[Configuration] Cluster configuration. TcpFailureDetector is used. Synchronous replication ChannelException is thrown when the destination node downs in the session replication. ChannelException is caught by TcpFailureDetector, and verifies the member in TcpFailureDetector#memberDisappeared. In TcpFailureDetector#memberAlive method, the member who failed in replication is checked to see if the member really is down. Because member already is gone, TcpFailureDetector#memberAlive do the timeout in 1 sec(default 1 sec). Then, member is removed from membership by membership#removeMember, and super.memberDisappeared(member) will be called. TcpFailureDetector#memberDisappeared is as follows. === public void memberDisappeared(Member member) { ...skip synchronized (membership) { //check to see if the member really is gone //if the payload is not a shutdown message if (shutdown || !memberAlive(member)) { //not correct, we need to maintain the map membership.removeMember( (MemberImpl) member); removeSuspects.remove(member); notify = true; } else { //add the member as suspect removeSuspects.put(member, new Long(System.currentTimeMillis())); } } ...skip } === All threads to wait for the acquisition of the lock of membership call the memberAlive method every time. And, the timeout will be done every time in 1 sec. As result, in high-concurrent, decrease in a cruel response may happen.
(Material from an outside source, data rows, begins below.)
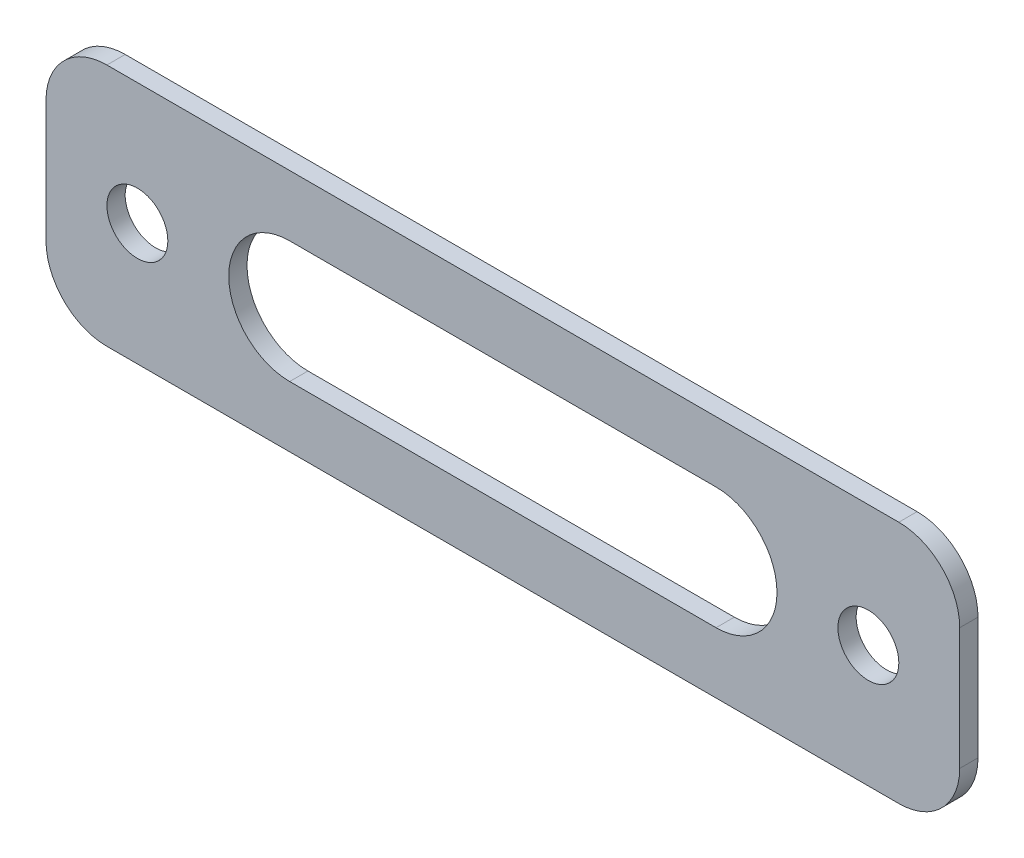
ISO-10303-21;
HEADER;
FILE_DESCRIPTION(('STEP AP214'),'2;1');
FILE_NAME('part.step','',(''),(''),'','','');
FILE_SCHEMA(('AUTOMOTIVE_DESIGN { 1 0 10303 214 1 1 1 1 }'));
ENDSEC;
DATA;
#1=APPLICATION_CONTEXT('core data for automotive mechanical design processes');
#2=APPLICATION_PROTOCOL_DEFINITION('international standard','automotive_design',2000,#1);
#3=PRODUCT_CONTEXT('',#1,'mechanical');
#4=PRODUCT('Part','Part','',(#3));
#5=PRODUCT_RELATED_PRODUCT_CATEGORY('part','',(#4));
#6=PRODUCT_DEFINITION_FORMATION('','',#4);
#7=PRODUCT_DEFINITION_CONTEXT('part definition',#1,'design');
#8=PRODUCT_DEFINITION('design','',#6,#7);
#9=PRODUCT_DEFINITION_SHAPE('','',#8);
#10=(LENGTH_UNIT() NAMED_UNIT(*) SI_UNIT(.MILLI.,.METRE.));
#11=(NAMED_UNIT(*) PLANE_ANGLE_UNIT() SI_UNIT($,.RADIAN.));
#12=(NAMED_UNIT(*) SI_UNIT($,.STERADIAN.) SOLID_ANGLE_UNIT());
#13=UNCERTAINTY_MEASURE_WITH_UNIT(LENGTH_MEASURE(1.E-05),#10,'distance_accuracy_value','');
#14=(GEOMETRIC_REPRESENTATION_CONTEXT(3) GLOBAL_UNCERTAINTY_ASSIGNED_CONTEXT((#13)) GLOBAL_UNIT_ASSIGNED_CONTEXT((#10,
#11,#12)) REPRESENTATION_CONTEXT('',''));
#15=CARTESIAN_POINT('',(0.,0.,0.));
#16=DIRECTION('',(0.,0.,1.));
#17=DIRECTION('',(1.,0.,0.));
#18=AXIS2_PLACEMENT_3D('',#15,#16,#17);
#19=CARTESIAN_POINT('',(47.625,-12.7,1.905));
#20=DIRECTION('',(0.,0.,1.));
#21=DIRECTION('',(1.,0.,0.));
#22=AXIS2_PLACEMENT_3D('',#19,#20,#21);
#23=PLANE('',#22);
#24=CARTESIAN_POINT('',(-22.225,0.,1.905));
#25=DIRECTION('',(0.,0.,1.));
#26=DIRECTION('',(1.,0.,0.));
#27=AXIS2_PLACEMENT_3D('',#24,#25,#26);
#28=CIRCLE('',#27,6.35);
#29=CARTESIAN_POINT('',(-22.225,6.35,1.905));
#30=VERTEX_POINT('',#29);
#31=CARTESIAN_POINT('',(-22.225,-6.35,1.905));
#32=VERTEX_POINT('',#31);
#33=EDGE_CURVE('E129',#30,#32,#28,.T.);
#34=ORIENTED_EDGE('',*,*,#33,.F.);
#35=DIRECTION('',(-1.,0.,0.));
#36=VECTOR('',#35,1.);
#37=CARTESIAN_POINT('',(-22.225,6.35,1.905));
#38=LINE('',#37,#36);
#39=CARTESIAN_POINT('',(22.225,6.35,1.905));
#40=VERTEX_POINT('',#39);
#41=EDGE_CURVE('E147',#40,#30,#38,.T.);
#42=ORIENTED_EDGE('',*,*,#41,.F.);
#43=CARTESIAN_POINT('',(22.225,0.,1.905));
#44=DIRECTION('',(0.,0.,1.));
#45=DIRECTION('',(1.,0.,0.));
#46=AXIS2_PLACEMENT_3D('',#43,#44,#45);
#47=CIRCLE('',#46,6.35);
#48=CARTESIAN_POINT('',(22.225,-6.35,1.905));
#49=VERTEX_POINT('',#48);
#50=EDGE_CURVE('E150',#49,#40,#47,.T.);
#51=ORIENTED_EDGE('',*,*,#50,.F.);
#52=DIRECTION('',(1.,0.,0.));
#53=VECTOR('',#52,1.);
#54=CARTESIAN_POINT('',(-22.225,-6.35,1.905));
#55=LINE('',#54,#53);
#56=EDGE_CURVE('E156',#32,#49,#55,.T.);
#57=ORIENTED_EDGE('',*,*,#56,.F.);
#58=EDGE_LOOP('',(#34,#42,#51,#57));
#59=FACE_BOUND('',#58,.T.);
#60=CARTESIAN_POINT('',(-38.1,0.,1.905));
#61=DIRECTION('',(0.,0.,1.));
#62=DIRECTION('',(1.,0.,0.));
#63=AXIS2_PLACEMENT_3D('',#60,#61,#62);
#64=CIRCLE('',#63,3.175);
#65=CARTESIAN_POINT('',(-34.925,0.,1.905));
#66=VERTEX_POINT('',#65);
#67=EDGE_CURVE('E172',#66,#66,#64,.T.);
#68=ORIENTED_EDGE('',*,*,#67,.F.);
#69=EDGE_LOOP('',(#68));
#70=FACE_BOUND('',#69,.T.);
#71=DIRECTION('',(1.,0.,0.));
#72=VECTOR('',#71,1.);
#73=CARTESIAN_POINT('',(-47.625,-12.7,1.905));
#74=LINE('',#73,#72);
#75=CARTESIAN_POINT('',(-41.275,-12.7,1.905));
#76=VERTEX_POINT('',#75);
#77=CARTESIAN_POINT('',(41.275,-12.7,1.905));
#78=VERTEX_POINT('',#77);
#79=EDGE_CURVE('E186',#76,#78,#74,.T.);
#80=ORIENTED_EDGE('',*,*,#79,.T.);
#81=CARTESIAN_POINT('',(41.275,-6.35,1.905));
#82=DIRECTION('',(0.,0.,1.));
#83=DIRECTION('',(1.,0.,0.));
#84=AXIS2_PLACEMENT_3D('',#81,#82,#83);
#85=CIRCLE('',#84,6.35);
#86=CARTESIAN_POINT('',(47.625,-6.35,1.905));
#87=VERTEX_POINT('',#86);
#88=EDGE_CURVE('E221',#78,#87,#85,.T.);
#89=ORIENTED_EDGE('',*,*,#88,.T.);
#90=DIRECTION('',(0.,1.,0.));
#91=VECTOR('',#90,1.);
#92=CARTESIAN_POINT('',(47.625,12.7,1.905));
#93=LINE('',#92,#91);
#94=CARTESIAN_POINT('',(47.625,6.35,1.905));
#95=VERTEX_POINT('',#94);
#96=EDGE_CURVE('E178',#87,#95,#93,.T.);
#97=ORIENTED_EDGE('',*,*,#96,.T.);
#98=CARTESIAN_POINT('',(41.275,6.35,1.905));
#99=DIRECTION('',(0.,0.,1.));
#100=DIRECTION('',(1.,0.,0.));
#101=AXIS2_PLACEMENT_3D('',#98,#99,#100);
#102=CIRCLE('',#101,6.35);
#103=CARTESIAN_POINT('',(41.275,12.7,1.905));
#104=VERTEX_POINT('',#103);
#105=EDGE_CURVE('E219',#95,#104,#102,.T.);
#106=ORIENTED_EDGE('',*,*,#105,.T.);
#107=DIRECTION('',(-1.,0.,0.));
#108=VECTOR('',#107,1.);
#109=CARTESIAN_POINT('',(-47.625,12.7,1.905));
#110=LINE('',#109,#108);
#111=CARTESIAN_POINT('',(-41.275,12.7,1.905));
#112=VERTEX_POINT('',#111);
#113=EDGE_CURVE('E181',#104,#112,#110,.T.);
#114=ORIENTED_EDGE('',*,*,#113,.T.);
#115=CARTESIAN_POINT('',(-41.275,6.35,1.905));
#116=DIRECTION('',(0.,0.,1.));
#117=DIRECTION('',(1.,0.,0.));
#118=AXIS2_PLACEMENT_3D('',#115,#116,#117);
#119=CIRCLE('',#118,6.35);
#120=CARTESIAN_POINT('',(-47.625,6.35,1.905));
#121=VERTEX_POINT('',#120);
#122=EDGE_CURVE('E53',#112,#121,#119,.T.);
#123=ORIENTED_EDGE('',*,*,#122,.T.);
#124=DIRECTION('',(0.,-1.,0.));
#125=VECTOR('',#124,1.);
#126=CARTESIAN_POINT('',(-47.625,12.7,1.905));
#127=LINE('',#126,#125);
#128=CARTESIAN_POINT('',(-47.625,-6.35,1.905));
#129=VERTEX_POINT('',#128);
#130=EDGE_CURVE('E184',#121,#129,#127,.T.);
#131=ORIENTED_EDGE('',*,*,#130,.T.);
#132=CARTESIAN_POINT('',(-41.275,-6.35,1.905));
#133=DIRECTION('',(0.,0.,1.));
#134=DIRECTION('',(1.,0.,0.));
#135=AXIS2_PLACEMENT_3D('',#132,#133,#134);
#136=CIRCLE('',#135,6.35);
#137=EDGE_CURVE('E217',#129,#76,#136,.T.);
#138=ORIENTED_EDGE('',*,*,#137,.T.);
#139=EDGE_LOOP('',(#80,#89,#97,#106,#114,#123,#131,#138));
#140=FACE_BOUND('',#139,.T.);
#141=CARTESIAN_POINT('',(38.1,0.,1.905));
#142=DIRECTION('',(0.,0.,1.));
#143=DIRECTION('',(1.,0.,0.));
#144=AXIS2_PLACEMENT_3D('',#141,#142,#143);
#145=CIRCLE('',#144,3.175);
#146=CARTESIAN_POINT('',(41.275,0.,1.905));
#147=VERTEX_POINT('',#146);
#148=EDGE_CURVE('E166',#147,#147,#145,.T.);
#149=ORIENTED_EDGE('',*,*,#148,.F.);
#150=EDGE_LOOP('',(#149));
#151=FACE_BOUND('',#150,.T.);
#152=ADVANCED_FACE('F33',(#59,#70,#140,#151),#23,.T.);
#153=CARTESIAN_POINT('',(47.625,-12.7,0.));
#154=DIRECTION('',(0.,0.,1.));
#155=DIRECTION('',(1.,0.,0.));
#156=AXIS2_PLACEMENT_3D('',#153,#154,#155);
#157=PLANE('',#156);
#158=DIRECTION('',(-1.,0.,0.));
#159=VECTOR('',#158,1.);
#160=CARTESIAN_POINT('',(-22.225,6.35,0.));
#161=LINE('',#160,#159);
#162=CARTESIAN_POINT('',(22.225,6.35,0.));
#163=VERTEX_POINT('',#162);
#164=CARTESIAN_POINT('',(-22.225,6.35,0.));
#165=VERTEX_POINT('',#164);
#166=EDGE_CURVE('E134',#163,#165,#161,.T.);
#167=ORIENTED_EDGE('',*,*,#166,.T.);
#168=CARTESIAN_POINT('',(-22.225,0.,0.));
#169=DIRECTION('',(0.,0.,1.));
#170=DIRECTION('',(1.,0.,0.));
#171=AXIS2_PLACEMENT_3D('',#168,#169,#170);
#172=CIRCLE('',#171,6.35);
#173=CARTESIAN_POINT('',(-22.225,-6.35,0.));
#174=VERTEX_POINT('',#173);
#175=EDGE_CURVE('E126',#165,#174,#172,.T.);
#176=ORIENTED_EDGE('',*,*,#175,.T.);
#177=DIRECTION('',(1.,0.,0.));
#178=VECTOR('',#177,1.);
#179=CARTESIAN_POINT('',(-22.225,-6.35,0.));
#180=LINE('',#179,#178);
#181=CARTESIAN_POINT('',(22.225,-6.35,0.));
#182=VERTEX_POINT('',#181);
#183=EDGE_CURVE('E138',#174,#182,#180,.T.);
#184=ORIENTED_EDGE('',*,*,#183,.T.);
#185=CARTESIAN_POINT('',(22.225,0.,0.));
#186=DIRECTION('',(0.,0.,1.));
#187=DIRECTION('',(1.,0.,0.));
#188=AXIS2_PLACEMENT_3D('',#185,#186,#187);
#189=CIRCLE('',#188,6.35);
#190=EDGE_CURVE('E142',#182,#163,#189,.T.);
#191=ORIENTED_EDGE('',*,*,#190,.T.);
#192=EDGE_LOOP('',(#167,#176,#184,#191));
#193=FACE_BOUND('',#192,.T.);
#194=CARTESIAN_POINT('',(-38.1,0.,0.));
#195=DIRECTION('',(0.,0.,1.));
#196=DIRECTION('',(1.,0.,0.));
#197=AXIS2_PLACEMENT_3D('',#194,#195,#196);
#198=CIRCLE('',#197,3.175);
#199=CARTESIAN_POINT('',(-34.925,0.,0.));
#200=VERTEX_POINT('',#199);
#201=EDGE_CURVE('E169',#200,#200,#198,.T.);
#202=ORIENTED_EDGE('',*,*,#201,.T.);
#203=EDGE_LOOP('',(#202));
#204=FACE_BOUND('',#203,.T.);
#205=DIRECTION('',(0.,1.,0.));
#206=VECTOR('',#205,1.);
#207=CARTESIAN_POINT('',(47.625,12.7,0.));
#208=LINE('',#207,#206);
#209=CARTESIAN_POINT('',(47.625,-6.35,0.));
#210=VERTEX_POINT('',#209);
#211=CARTESIAN_POINT('',(47.625,6.35,0.));
#212=VERTEX_POINT('',#211);
#213=EDGE_CURVE('E175',#210,#212,#208,.T.);
#214=ORIENTED_EDGE('',*,*,#213,.F.);
#215=CARTESIAN_POINT('',(41.275,-6.35,0.));
#216=DIRECTION('',(0.,0.,1.));
#217=DIRECTION('',(1.,0.,0.));
#218=AXIS2_PLACEMENT_3D('',#215,#216,#217);
#219=CIRCLE('',#218,6.35);
#220=CARTESIAN_POINT('',(41.275,-12.7,0.));
#221=VERTEX_POINT('',#220);
#222=EDGE_CURVE('E209',#210,#221,#219,.F.);
#223=ORIENTED_EDGE('',*,*,#222,.T.);
#224=DIRECTION('',(1.,0.,0.));
#225=VECTOR('',#224,1.);
#226=CARTESIAN_POINT('',(-47.625,-12.7,0.));
#227=LINE('',#226,#225);
#228=CARTESIAN_POINT('',(-41.275,-12.7,0.));
#229=VERTEX_POINT('',#228);
#230=EDGE_CURVE('E182',#229,#221,#227,.T.);
#231=ORIENTED_EDGE('',*,*,#230,.F.);
#232=CARTESIAN_POINT('',(-41.275,-6.35,0.));
#233=DIRECTION('',(0.,0.,1.));
#234=DIRECTION('',(1.,0.,0.));
#235=AXIS2_PLACEMENT_3D('',#232,#233,#234);
#236=CIRCLE('',#235,6.35);
#237=CARTESIAN_POINT('',(-47.625,-6.35,0.));
#238=VERTEX_POINT('',#237);
#239=EDGE_CURVE('E205',#229,#238,#236,.F.);
#240=ORIENTED_EDGE('',*,*,#239,.T.);
#241=DIRECTION('',(0.,-1.,0.));
#242=VECTOR('',#241,1.);
#243=CARTESIAN_POINT('',(-47.625,12.7,0.));
#244=LINE('',#243,#242);
#245=CARTESIAN_POINT('',(-47.625,6.35,0.));
#246=VERTEX_POINT('',#245);
#247=EDGE_CURVE('E195',#246,#238,#244,.T.);
#248=ORIENTED_EDGE('',*,*,#247,.F.);
#249=CARTESIAN_POINT('',(-41.275,6.35,0.));
#250=DIRECTION('',(0.,0.,1.));
#251=DIRECTION('',(1.,0.,0.));
#252=AXIS2_PLACEMENT_3D('',#249,#250,#251);
#253=CIRCLE('',#252,6.35);
#254=CARTESIAN_POINT('',(-41.275,12.7,0.));
#255=VERTEX_POINT('',#254);
#256=EDGE_CURVE('E203',#246,#255,#253,.F.);
#257=ORIENTED_EDGE('',*,*,#256,.T.);
#258=DIRECTION('',(-1.,0.,0.));
#259=VECTOR('',#258,1.);
#260=CARTESIAN_POINT('',(-47.625,12.7,0.));
#261=LINE('',#260,#259);
#262=CARTESIAN_POINT('',(41.275,12.7,0.));
#263=VERTEX_POINT('',#262);
#264=EDGE_CURVE('E192',#263,#255,#261,.T.);
#265=ORIENTED_EDGE('',*,*,#264,.F.);
#266=CARTESIAN_POINT('',(41.275,6.35,0.));
#267=DIRECTION('',(0.,0.,1.));
#268=DIRECTION('',(1.,0.,0.));
#269=AXIS2_PLACEMENT_3D('',#266,#267,#268);
#270=CIRCLE('',#269,6.35);
#271=EDGE_CURVE('E207',#263,#212,#270,.F.);
#272=ORIENTED_EDGE('',*,*,#271,.T.);
#273=EDGE_LOOP('',(#214,#223,#231,#240,#248,#257,#265,#272));
#274=FACE_BOUND('',#273,.T.);
#275=CARTESIAN_POINT('',(38.1,0.,0.));
#276=DIRECTION('',(0.,0.,1.));
#277=DIRECTION('',(1.,0.,0.));
#278=AXIS2_PLACEMENT_3D('',#275,#276,#277);
#279=CIRCLE('',#278,3.175);
#280=CARTESIAN_POINT('',(41.275,0.,0.));
#281=VERTEX_POINT('',#280);
#282=EDGE_CURVE('E162',#281,#281,#279,.T.);
#283=ORIENTED_EDGE('',*,*,#282,.T.);
#284=EDGE_LOOP('',(#283));
#285=FACE_BOUND('',#284,.T.);
#286=ADVANCED_FACE('F144',(#193,#204,#274,#285),#157,.F.);
#287=CARTESIAN_POINT('',(47.625,12.7,1.905));
#288=DIRECTION('',(-1.,0.,0.));
#289=DIRECTION('',(0.,-1.,0.));
#290=AXIS2_PLACEMENT_3D('',#287,#288,#289);
#291=PLANE('',#290);
#292=ORIENTED_EDGE('',*,*,#96,.F.);
#293=DIRECTION('',(0.,0.,-1.));
#294=VECTOR('',#293,1.);
#295=CARTESIAN_POINT('',(47.625,-6.35,1.905));
#296=LINE('',#295,#294);
#297=EDGE_CURVE('E200',#87,#210,#296,.T.);
#298=ORIENTED_EDGE('',*,*,#297,.T.);
#299=ORIENTED_EDGE('',*,*,#213,.T.);
#300=DIRECTION('',(0.,0.,-1.));
#301=VECTOR('',#300,1.);
#302=CARTESIAN_POINT('',(47.625,6.35,1.905));
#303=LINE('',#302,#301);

For instance, when 100 threads waiting for the lock of membership, the thread to have acquired the lock at the end can not return the response for 100 sec. If member has not already existed in membership, TcpFailureDetector#memberAlive method need not be called. I made a patch. Best regards.
Created attachment 25233 [details] TcpFailureDetector's patch I made a patch.
Fixed in trunk and proposed for 6.0.x.
This fix applied to 6.0, will be in 6.0.27 onwards.